# PROBLEM
With the string "settings" as the filter, copy each matching line from the records.

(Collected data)
Start of Block

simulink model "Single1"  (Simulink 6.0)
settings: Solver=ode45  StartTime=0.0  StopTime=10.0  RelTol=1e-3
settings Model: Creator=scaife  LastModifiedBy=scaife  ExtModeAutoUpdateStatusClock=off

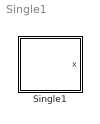
== system Single1 ==
  Single1 : Stateflow chart

== stateflow chart Single1 ==
  state A/
    du: x++;
  data: x output double

End of Block

# ANSWER SPACE
settings: Solver=ode45  StartTime=0.0  StopTime=10.0  RelTol=1e-3
settings Model: Creator=scaife  LastModifiedBy=scaife  ExtModeAutoUpdateStatusClock=off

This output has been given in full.